To calculate the time experienced by the passengers on a spacecraft traveling to Zeta Reticuli at 99% of the speed of light, time dilation formula is applied, resulting in 11.3 years passing for the passengers, demonstrating significant relativistic effects.
Step-by-step explanation:
The question involves calculating time dilation for passengers on a spacecraft traveling to the Zeta Reticuli star system and back. Time dilation is a consequence of Einstein's theory of special relativity, which tells us that time passes differently for observers in different inertial frames, especially when they are moving at speeds close to the speed of light.

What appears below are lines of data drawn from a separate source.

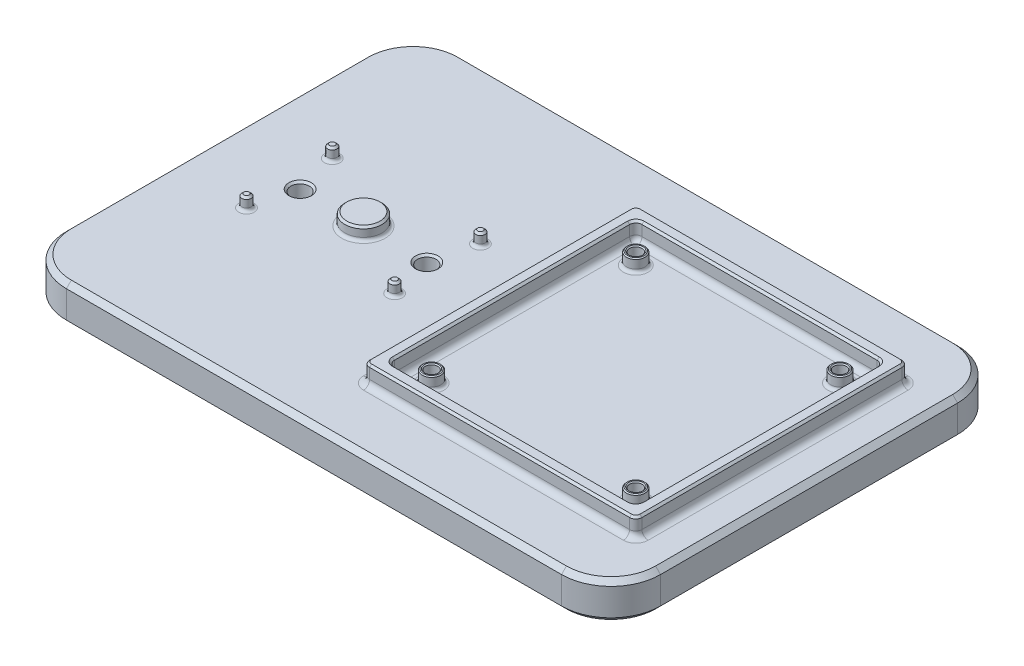
from build123d import *

# Parameters (mm, degrees)
SKETCH2_W           = 152.4
SKETCH2_H           = 101.6
SKETCH2_R           = 1.5875
SKETCH2_R_2         = 2.38125
BOSS_EXTRUDE1_DEPTH = 9.525
SKETCH3_R           = 4.7625
SKETCH3_R_2         = 1.190625
SKETCH3_R_3         = 2.38125
SKETCH3_R_4         = 1.5875
BOSS_EXTRUDE2_DEPTH = 3.175
SKETCH5_W           = 69.85
SKETCH5_H           = 69.85
SKETCH5_W_2         = 63.5
SKETCH5_H_2         = 63.5
BOSS_EXTRUDE4_DEPTH = 4.7625
CUT_EXTRUDE1_DEPTH  = 3.175
CUT_EXTRUDE2_DEPTH  = 2.38125
FILLET2_R           = 12.7
FILLET4_R           = 1.5875
FILLET5_R           = 0.79375
FILLET6_R           = 0.79375
CHAMFER1_SIZE       = 1.27
CHAMFER2_SIZE       = 0.508
CHAMFER3_SIZE       = 0.254


with BuildPart() as part:
    # Sketch2 → Boss-Extrude1 (new body)
    with BuildSketch(Plane(origin=(0, 0, 0), x_dir=(1, 0, 0), z_dir=(0, 1, 0))):
        Rectangle(SKETCH2_W, SKETCH2_H)
        with Locations(Location((57.94375, 26.19375, 0), (0, 0, 90))):
            Circle(SKETCH2_R, mode=Mode.SUBTRACT)
        with Locations(Location((57.94375, -26.19375, 0), (0, 0, 90))):
            Circle(SKETCH2_R, mode=Mode.SUBTRACT)
        with Locations(Location((5.55625, -26.19375, 0), (0, 0, 90))):
            Circle(SKETCH2_R, mode=Mode.SUBTRACT)
        with Locations(Location((5.55625, 26.19375, 0), (0, 0, 90))):
            Circle(SKETCH2_R, mode=Mode.SUBTRACT)
        with Locations(Location((-54.3499929, 0, 0), (0, 0, 90))):
            Circle(SKETCH2_R_2, mode=Mode.SUBTRACT)
        with Locations(Location((-21.8500071, 0, 0), (0, 0, 90))):
            Circle(SKETCH2_R_2, mode=Mode.SUBTRACT)
    extrude(amount=BOSS_EXTRUDE1_DEPTH)

    # Sketch3 → Boss-Extrude2 (add)
    # profile 1 of 9: a face of its own
    with BuildSketch(Plane(origin=(0, 9.525, 0), x_dir=(1, 0, 0), z_dir=(0, 1, 0))):
        with Locations(Location((-38.1, 0, 0), (0, 0, 90))):
            Circle(SKETCH3_R)
    # profile 2 of 9: a face of its own
    with BuildSketch(Plane(origin=(0, 9.525, 0), x_dir=(1, 0, 0), z_dir=(0, 1, 0))):
        with Locations(Location((-57.1000128, 11.0000034, 0), (0, 0, 90))):
            Circle(SKETCH3_R_2)
    # profile 3 of 9: a face of its own
    with BuildSketch(Plane(origin=(0, 9.525, 0), x_dir=(1, 0, 0), z_dir=(0, 1, 0))):
        with Locations(Location((-19.0999872, 11.0000034, 0), (0, 0, 90))):
            Circle(SKETCH3_R_2)
    # profile 4 of 9: a face of its own
    with BuildSketch(Plane(origin=(0, 9.525, 0), x_dir=(1, 0, 0), z_dir=(0, 1, 0))):
        with Locations(Location((-57.1000128, -11.0000034, 0), (0, 0, 90))):
            Circle(SKETCH3_R_2)
    # profile 5 of 9: a face of its own
    with BuildSketch(Plane(origin=(0, 9.525, 0), x_dir=(1, 0, 0), z_dir=(0, 1, 0))):
        with Locations(Location((-19.0999872, -11.0000034, 0), (0, 0, 90))):
            Circle(SKETCH3_R_2)
    # profile 6 of 9: a face of its own
    with BuildSketch(Plane(origin=(0, 9.525, 0), x_dir=(1, 0, 0), z_dir=(0, 1, 0))):
        with Locations(Location((5.55625, 26.19375, 0), (0, 0, 90))):
            Circle(SKETCH3_R_3)
        with Locations(Location((5.55625, 26.19375, 0), (0, 0, 90))):
            Circle(SKETCH3_R_4, mode=Mode.SUBTRACT)
    # profile 7 of 9: a face of its own
    with BuildSketch(Plane(origin=(0, 9.525, 0), x_dir=(1, 0, 0), z_dir=(0, 1, 0))):
        with Locations(Location((57.94375, 26.19375, 0), (0, 0, 90))):
            Circle(SKETCH3_R_3)
        with Locations(Location((57.94375, 26.19375, 0), (0, 0, 90))):
            Circle(SKETCH3_R_4, mode=Mode.SUBTRACT)
    # profile 8 of 9: a face of its own
    with BuildSketch(Plane(origin=(0, 9.525, 0), x_dir=(1, 0, 0), z_dir=(0, 1, 0))):
        with Locations(Location((57.94375, -26.19375, 0), (0, 0, 90))):
            Circle(SKETCH3_R_3)
        with Locations(Location((57.94375, -26.19375, 0), (0, 0, 90))):
            Circle(SKETCH3_R_4, mode=Mode.SUBTRACT)
    # profile 9 of 9: a face of its own
    with BuildSketch(Plane(origin=(0, 9.525, 0), x_dir=(1, 0, 0), z_dir=(0, 1, 0))):
        with Locations(Location((5.55625, -26.19375, 0), (0, 0, 90))):
            Circle(SKETCH3_R_3)
        with Locations(Location((5.55625, -26.19375, 0), (0, 0, 90))):
            Circle(SKETCH3_R_4, mode=Mode.SUBTRACT)
    extrude(amount=BOSS_EXTRUDE2_DEPTH)

    # Sketch5 → Boss-Extrude4 (add)
    with BuildSketch(Plane(origin=(0, 9.525, 0), x_dir=(1, 0, 0), z_dir=(0, 1, 0))):
        with Locations((31.75, 0)):
            Rectangle(SKETCH5_W, SKETCH5_H)
        with Locations((31.75, 0)):
            Rectangle(SKETCH5_W_2, SKETCH5_H_2, mode=Mode.SUBTRACT)
    extrude(amount=BOSS_EXTRUDE4_DEPTH)

    # Sketch6 → Cut-Extrude1 (cut)
    with BuildSketch(Plane.XZ):
        Polygon((-51.600362243, 4.7625), (-57.099623557, 4.7625), (-59.849254214, 0), (-57.099623557, -4.7625), (-51.600362243, -4.7625), (-48.850731586, 0), align=None)
        Polygon((-19.100376443, 4.7625), (-24.599637757, 4.7625), (-27.349268414, 0), (-24.599637757, -4.7625), (-19.100376443, -4.7625), (-16.350745786, 0), align=None)
    extrude(amount=-CUT_EXTRUDE1_DEPTH, mode=Mode.SUBTRACT)

    # Sketch7 → Cut-Extrude2 (cut)
    with BuildSketch(Plane.XZ):
        Polygon((7.425998847, 29.43225), (3.686501153, 29.43225), (1.816752306, 26.19375), (3.686501153, 22.95525), (7.425998847, 22.95525), (9.295747694, 26.19375), align=None)
        Polygon((59.813498847, 29.43225), (56.074001153, 29.43225), (54.204252306, 26.19375), (56.074001153, 22.95525), (59.813498847, 22.95525), (61.683247694, 26.19375), align=None)
        Polygon((7.425998847, -22.95525), (3.686501153, -22.95525), (1.816752306, -26.19375), (3.686501153, -29.43225), (7.425998847, -29.43225), (9.295747694, -26.19375), align=None)
        Polygon((59.813498847, -22.95525), (56.074001153, -22.95525), (54.204252306, -26.19375), (56.074001153, -29.43225), (59.813498847, -29.43225), (61.683247694, -26.19375), align=None)
    extrude(amount=-CUT_EXTRUDE2_DEPTH, mode=Mode.SUBTRACT)

    # Fillet2
    fillet2_edges = [part.edges().sort_by_distance(p)[0] for p in [
        (76.2, 4.7625, 50.8),
        (-76.2, 4.7625, 50.8),
        (-76.2, 4.7625, -50.8),
        (76.2, 4.7625, -50.8),
    ]]
    fillet(fillet2_edges, radius=FILLET2_R)

    # Fillet4
    fillet4_edges = [part.edges().sort_by_distance(p)[0] for p in [
        (31.75, 9.525, 31.75),
        (63.5, 9.525, 0),
        (31.75, 9.525, -31.75),
        (0, 9.525, 0),
        (-3.175, 9.525, 0),
        (-3.175, 11.90625, -34.925),
        (31.75, 9.525, 34.925),
        (-3.175, 11.90625, 34.925),
        (66.675, 9.525, 0),
        (66.675, 11.90625, 34.925),
        (31.75, 9.525, -34.925),
        (66.675, 11.90625, -34.925),
        (63.5, 11.90625, -31.75),
        (0, 11.90625, -31.75),
        (0, 11.90625, 31.75),
        (63.5, 11.90625, 31.75),
    ]]
    fillet(fillet4_edges, radius=FILLET4_R)

    # Fillet5
    fillet5_edges = [part.edges().sort_by_distance(p)[0] for p in [
        (-38.1, 9.525, 4.7625),
        (5.55625, 9.525, -23.8125),
        (57.94375, 9.525, -23.8125),
        (57.94375, 9.525, 28.575),
        (5.55625, 9.525, 28.575),
    ]]
    fillet(fillet5_edges, radius=FILLET5_R)

    # Fillet6
    fillet6_edges = [part.edges().sort_by_distance(p)[0] for p in [
        (-50.225546914, 3.175, 2.38125),
        (-51.600362243, 1.5875, 4.7625),
        (-50.225546914, 3.175, -2.38125),
        (-48.850731586, 1.5875, 0),
        (-54.3499929, 3.175, -4.7625),
        (-51.600362243, 1.5875, -4.7625),
        (-58.474438886, 3.175, -2.38125),
        (-57.099623557, 1.5875, -4.7625),
        (-58.474438886, 3.175, 2.38125),
        (-59.849254214, 1.5875, 0),
        (-54.3499929, 3.175, 4.7625),
        (-57.099623557, 1.5875, 4.7625),
        (-17.725561114, 3.175, 2.38125),
        (-19.100376443, 1.5875, 4.7625),
        (-17.725561114, 3.175, -2.38125),
        (-16.350745786, 1.5875, 0),
        (-21.8500071, 3.175, -4.7625),
        (-19.100376443, 1.5875, -4.7625),
        (-25.974453086, 3.175, -2.38125),
        (-24.599637757, 1.5875, -4.7625),
        (-25.974453086, 3.175, 2.38125),
        (-27.349268414, 1.5875, 0),
        (-21.8500071, 3.175, 4.7625),
        (-24.599637757, 1.5875, 4.7625),
        (60.74837327, 2.38125, 27.813),
        (59.813498847, 1.190625, 29.43225),
        (60.74837327, 2.38125, 24.5745),
        (61.683247694, 1.190625, 26.19375),
        (57.94375, 2.38125, 22.95525),
        (59.813498847, 1.190625, 22.95525),
        (55.13912673, 2.38125, 24.5745),
        (56.074001153, 1.190625, 22.95525),
        (55.13912673, 2.38125, 27.813),
        (54.204252306, 1.190625, 26.19375),
        (57.94375, 2.38125, 29.43225),
        (56.074001153, 1.190625, 29.43225),
        (8.36087327, 2.38125, -24.5745),
        (7.425998847, 1.190625, -22.95525),
        (8.36087327, 2.38125, -27.813),
        (9.295747694, 1.190625, -26.19375),
        (5.55625, 2.38125, -29.43225),
        (7.425998847, 1.190625, -29.43225),
        (2.75162673, 2.38125, -27.813),
        (3.686501153, 1.190625, -29.43225),
        (2.75162673, 2.38125, -24.5745),
        (1.816752306, 1.190625, -26.19375),
        (5.55625, 2.38125, -22.95525),
        (3.686501153, 1.190625, -22.95525),
        (60.74837327, 2.38125, -24.5745),
        (59.813498847, 1.190625, -22.95525),
        (60.74837327, 2.38125, -27.813),
        (61.683247694, 1.190625, -26.19375),
        (57.94375, 2.38125, -29.43225),
        (59.813498847, 1.190625, -29.43225),
        (55.13912673, 2.38125, -27.813),
        (56.074001153, 1.190625, -29.43225),
        (55.13912673, 2.38125, -24.5745),
        (54.204252306, 1.190625, -26.19375),
        (57.94375, 2.38125, -22.95525),
        (56.074001153, 1.190625, -22.95525),
        (8.36087327, 2.38125, 27.813),
        (7.425998847, 1.190625, 29.43225),
        (8.36087327, 2.38125, 24.5745),
        (9.295747694, 1.190625, 26.19375),
        (5.55625, 2.38125, 22.95525),
        (7.425998847, 1.190625, 22.95525),
        (2.75162673, 2.38125, 24.5745),
        (3.686501153, 1.190625, 22.95525),
        (2.75162673, 2.38125, 27.813),
        (1.816752306, 1.190625, 26.19375),
        (5.55625, 2.38125, 29.43225),
        (3.686501153, 1.190625, 29.43225),
        (-57.1000128, 9.525, -9.8093784),
        (-19.0999872, 9.525, -9.8093784),
        (-57.1000128, 9.525, 12.1906284),
        (-19.0999872, 9.525, 12.1906284),
    ]]
    fillet(fillet6_edges, radius=FILLET6_R)

    # Chamfer1
    chamfer1_edges = [part.edges().sort_by_distance(p)[0] for p in [
        (76.2, 0, 0),
        (76.2, 9.525, 0),
        (0, 0, 50.8),
        (-76.2, 0, 0),
        (0, 0, -50.8),
        (-72.480256121, 0, 47.080256121),
        (72.480256121, 0, -47.080256121),
        (-72.480256121, 0, -47.080256121),
        (72.480256121, 0, 47.080256121),
        (0, 9.525, 50.8),
        (0, 9.525, -50.8),
        (-76.2, 9.525, 0),
        (-72.480256121, 9.525, 47.080256121),
        (72.480256121, 9.525, -47.080256121),
        (-72.480256121, 9.525, -47.080256121),
        (72.480256121, 9.525, 47.080256121),
    ]]
    chamfer(chamfer1_edges, length=CHAMFER1_SIZE)

    # Chamfer2
    chamfer2_edges = [part.edges().sort_by_distance(p)[0] for p in [
        (-54.3499929, 3.175, 2.38125),
        (-21.8500071, 3.175, 2.38125),
        (-3.175, 14.2875, 0),
        (31.75, 14.2875, -34.925),
        (31.75, 14.2875, 34.925),
        (66.675, 14.2875, 0),
        (63.5, 14.2875, 0),
        (31.75, 14.2875, 31.75),
        (0, 14.2875, 0),
        (31.75, 14.2875, -31.75),
        (-2.710032015, 14.2875, 34.460032015),
        (66.210032015, 14.2875, 34.460032015),
        (66.210032015, 14.2875, -34.460032015),
        (-2.710032015, 14.2875, -34.460032015),
        (-54.3499929, 9.525, 2.38125),
        (63.035032015, 14.2875, -31.285032015),
        (63.035032015, 14.2875, 31.285032015),
        (0.464967985, 14.2875, -31.285032015),
        (0.464967985, 14.2875, 31.285032015),
        (-21.8500071, 9.525, 2.38125),
        (-17.725561114, 0, -2.38125),
        (-21.8500071, 0, -4.7625),
        (-25.974453086, 0, -2.38125),
        (-25.974453086, 0, 2.38125),
        (-21.8500071, 0, 4.7625),
        (-38.1, 12.7, 4.7625),
        (-17.725561114, 0, 2.38125),
        (-50.225546914, 0, -2.38125),
        (-54.3499929, 0, -4.7625),
        (-58.474438886, 0, -2.38125),
        (-58.474438886, 0, 2.38125),
        (-54.3499929, 0, 4.7625),
        (-50.225546914, 0, 2.38125),
        (-57.1000128, 12.7, -9.8093784),
        (-19.161773219, 0, -4.656157664),
        (-24.538240981, 0, -4.656157664),
        (-27.226474862, 0, 0),
        (-24.538240981, 0, 4.656157664),
        (-19.161773219, 0, 4.656157664),
        (-16.473539338, 0, 0),
        (-51.661759019, 0, -4.656157664),
        (-57.038226781, 0, -4.656157664),
        (-59.726460662, 0, 0),
        (-57.038226781, 0, 4.656157664),
        (-51.661759019, 0, 4.656157664),
        (-48.973525138, 0, 0),
        (-19.0999872, 12.7, -9.8093784),
        (-57.1000128, 12.7, 12.1906284),
        (-19.0999872, 12.7, 12.1906284),
    ]]
    chamfer(chamfer2_edges, length=CHAMFER2_SIZE)

    # Chamfer3
    chamfer3_edges = [part.edges().sort_by_distance(p)[0] for p in [
        (57.94375, 2.38125, 27.78125),
        (5.55625, 2.38125, -24.60625),
        (57.94375, 2.38125, -24.60625),
        (5.55625, 2.38125, 27.78125),
        (8.36087327, 0, -27.813),
        (5.55625, 0, -29.43225),
        (2.75162673, 0, -27.813),
        (2.75162673, 0, -24.5745),
        (5.55625, 0, -22.95525),
        (8.36087327, 0, -24.5745),
        (60.74837327, 0, -27.813),
        (57.94375, 0, -29.43225),
        (55.13912673, 0, -27.813),
        (55.13912673, 0, -24.5745),
        (57.94375, 0, -22.95525),
        (60.74837327, 0, -24.5745),
        (60.74837327, 0, 24.5745),
        (57.94375, 0, 22.95525),
        (55.13912673, 0, 24.5745),
        (55.13912673, 0, 27.813),
        (57.94375, 0, 29.43225),
        (60.74837327, 0, 27.813),
        (8.36087327, 0, 27.813),
        (8.36087327, 0, 24.5745),
        (2.75162673, 0, 24.5745),
        (2.75162673, 0, 27.813),
        (5.55625, 0, 29.43225),
        (5.55625, 0, 22.95525),
        (7.364602071, 0, -29.325907664),
        (3.747897929, 0, -29.325907664),
        (1.939545859, 0, -26.19375),
        (3.747897929, 0, -23.061592336),
        (7.364602071, 0, -23.061592336),
        (9.172954141, 0, -26.19375),
        (59.752102071, 0, -29.325907664),
        (56.135397929, 0, -29.325907664),
        (54.327045859, 0, -26.19375),
        (56.135397929, 0, -23.061592336),
        (59.752102071, 0, -23.061592336),
        (61.560454141, 0, -26.19375),
        (59.752102071, 0, 23.061592336),
        (56.135397929, 0, 23.061592336),
        (54.327045859, 0, 26.19375),
        (56.135397929, 0, 29.325907664),
        (59.752102071, 0, 29.325907664),
        (61.560454141, 0, 26.19375),
        (9.172954141, 0, 26.19375),
        (1.939545859, 0, 26.19375),
        (3.747897929, 0, 29.325907664),
        (7.364602071, 0, 29.325907664),
        (7.364602071, 0, 23.061592336),
        (3.747897929, 0, 23.061592336),
        (5.55625, 12.7, -23.8125),
        (5.55625, 12.7, -24.60625),
        (57.94375, 12.7, -23.8125),
        (57.94375, 12.7, -24.60625),
        (57.94375, 12.7, 28.575),
        (57.94375, 12.7, 27.78125),
        (5.55625, 12.7, 28.575),
        (5.55625, 12.7, 27.78125),
    ]]
    chamfer(chamfer3_edges, length=CHAMFER3_SIZE)


solid = part.part

To calculate the time experienced by passengers on the spacecraft, we use the time dilation formula:
t' = t / √(1 - v^2/c^2)
where:
t' is the time experienced by passengers on the spacecraft
t is the round-trip travel time as measured from Earth
v is the speed of the spacecraft (0.99c)
c is the speed of light
Plugging in the values:
t' = 79.8 years / √(1 - (0.99c)^2/c^2)
= 79.8 years / √(1 - 0.9801)
= 79.8 years / √0.0199
= 79.8 years / 0.141
=~ 11.3 years
Therefore, the answer is D) 11.3 years. This shows the significant impact of relativistic effects at high velocities near the speed of light.